You may find this thread of interest. I dip for ticks but not fleas, good luck.

http://forum.gon.com/showthread.php?t=185208&highlight=bayer+tree+shrub


----------



## Mel82 (Jun 5, 2009)

I use frontline plus and it works great. Just have to make sure you wash all their bedding (in fact, I washed everything in the house, lol) and vacuum, vacuum, vacuum!


----------



## RugerHog (Jun 5, 2009)

Ruger#3 said:


> You may find this thread of interest. I dip for ticks but not fleas, good luck.
> 
> http://forum.gon.com/showthread.php?t=185208&highlight=bayer+tree+shrub



Thanks Ruger 3. I have some diazinon to spray in the yard, and some 10% Carbaryl powder. I am about to dust the dogs with that. I just looked at one of them. He has only a couple fleas at the moment. They had hundreds on them yesterday. I do have a lot of rabbits in the yard at night. Is this where my flea problem is coming from?  May be time for a bunny permit.


----------



## browning84 (Jun 5, 2009)

I use the Advantix for the sole reason that it has all the same killing and repelling properties as any of the others but in addition it repels biting flies and because we didn’t start early enough in treating the yard this was a plus. We have 6 dogs (4kennels dogs and 2 house dogs) we don’t have a fleas issue because we use the advantix on all of them. To get rid of all the flies we use Spalding Labs products. I would go with the Advantix to eliminate the flea issue though.


----------



## RugerHog (Jun 5, 2009)

If my yard is the problem, then will any of these products mentioned above, stop the fleas from getting on my dogs?
I am going to treat the yard now, while the sun is shining. Maybe the rain will hold off a couple days.


----------



## Mel82 (Jun 5, 2009)

No, you also need to take care of your yard. The meds will kill the fleas on you pets and prevent those new eggs from hatching but if they keeping coming in the house it will be a vicious circle of sorts. And if you want to get the meds cheap, I suggest ebay. I got 3 vials of frontline plus and you can use it on dogs and cats. They give you a diagram, a vial to keep the extra you've opened and a syringe to measure the amount needed for each pet.


----------



## RugerHog (Jun 5, 2009)

Mel fortuneately, I don't have them in the house. My ****zu had a quite a few on him a few days ago. A quick wash with Dawn and shampoo, took care of him. I have really been lucky that the fleas have not presented a problem inside. I think if I can get them under control outside, my dogs will be alright.  I see some big dark clouds moving in right now. I just can't seem to get the right conditions to spray the yard.

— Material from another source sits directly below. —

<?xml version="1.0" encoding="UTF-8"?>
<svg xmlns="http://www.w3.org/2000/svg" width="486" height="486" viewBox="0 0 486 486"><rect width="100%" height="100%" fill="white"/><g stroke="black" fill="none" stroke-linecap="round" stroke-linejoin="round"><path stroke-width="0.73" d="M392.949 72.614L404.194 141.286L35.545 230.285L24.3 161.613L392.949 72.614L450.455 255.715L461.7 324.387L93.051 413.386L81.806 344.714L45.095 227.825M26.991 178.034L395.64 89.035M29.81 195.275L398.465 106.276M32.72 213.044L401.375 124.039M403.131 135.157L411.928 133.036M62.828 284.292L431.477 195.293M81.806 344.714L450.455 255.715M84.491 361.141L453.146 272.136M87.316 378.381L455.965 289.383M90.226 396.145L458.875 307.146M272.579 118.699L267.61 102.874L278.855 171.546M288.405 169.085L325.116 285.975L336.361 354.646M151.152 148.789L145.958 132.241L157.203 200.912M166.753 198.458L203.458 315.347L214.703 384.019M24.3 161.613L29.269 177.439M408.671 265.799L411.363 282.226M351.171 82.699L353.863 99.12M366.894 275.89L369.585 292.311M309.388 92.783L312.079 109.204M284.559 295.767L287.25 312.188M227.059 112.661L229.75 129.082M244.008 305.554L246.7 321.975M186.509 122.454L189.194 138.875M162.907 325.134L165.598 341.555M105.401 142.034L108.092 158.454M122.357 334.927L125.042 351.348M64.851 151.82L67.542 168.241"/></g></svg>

     Has anybody ever used the cattle insecticide (SPOT-ON) on their dogs? A vet suggested it as an off-label use on dogs, and you can get a good sized container for less than the Front line & similiar products.


----------



## Mel82 (Jun 5, 2009)

Fleas drop tiny little eggs all over that you can't see. They say 5% of fleas are on your pets and the rest is little eggs everywhere. That is why you have to vacuum.

Believe me I know, I just went through a nice big infestation with 2 cats, a dog and 2 pet rats.


----------



## RugerHog (Jun 5, 2009)

Mel82 said:


> Fleas drop tiny little eggs all over that you can't see. They say 5% of fleas are on your pets and the rest is little eggs everywhere. That is why you have to vacuum.
> 
> Believe me I know, I just went through a nice big infestation with 2 cats, a dog and 2 pet rats.





2 cats, a dog and 2 pet rats

Talk about a food chain.


----------



## Hog (Jun 5, 2009)

Get you some Bayer tree & shrub the kind without fertilizer.Like the post above you can buy it at walmart or lowes & it comes in a blue bottle for about $20.Ive been using this stuff I know for 2yrs now & it works.Ive never had any flea trouble since I started using Bayer + ive not had any complaints from the dogs.This is an example of what I give to my dogs 7.5cc for 30lb dog/10cc for 40lb/12cc for 50lb/15cc for 60lb.Some people give more or less but this is what has worked for me & my dogs.For the fly problem I always hang up a couple of fly bags that you fill up with water.You can also find these at lowes or walmart.You would be surprized at how fast a bag will fill up.May not get rid of them all but you sure dont see many of them flying around after using them.


----------



## browning84 (Jun 5, 2009)

RugerHog said:


> If my yard is the problem, then will any of these products mentioned above, stop the fleas from getting on my dogs?
> I am going to treat the yard now, while the sun is shining. Maybe the rain will hold off a couple days.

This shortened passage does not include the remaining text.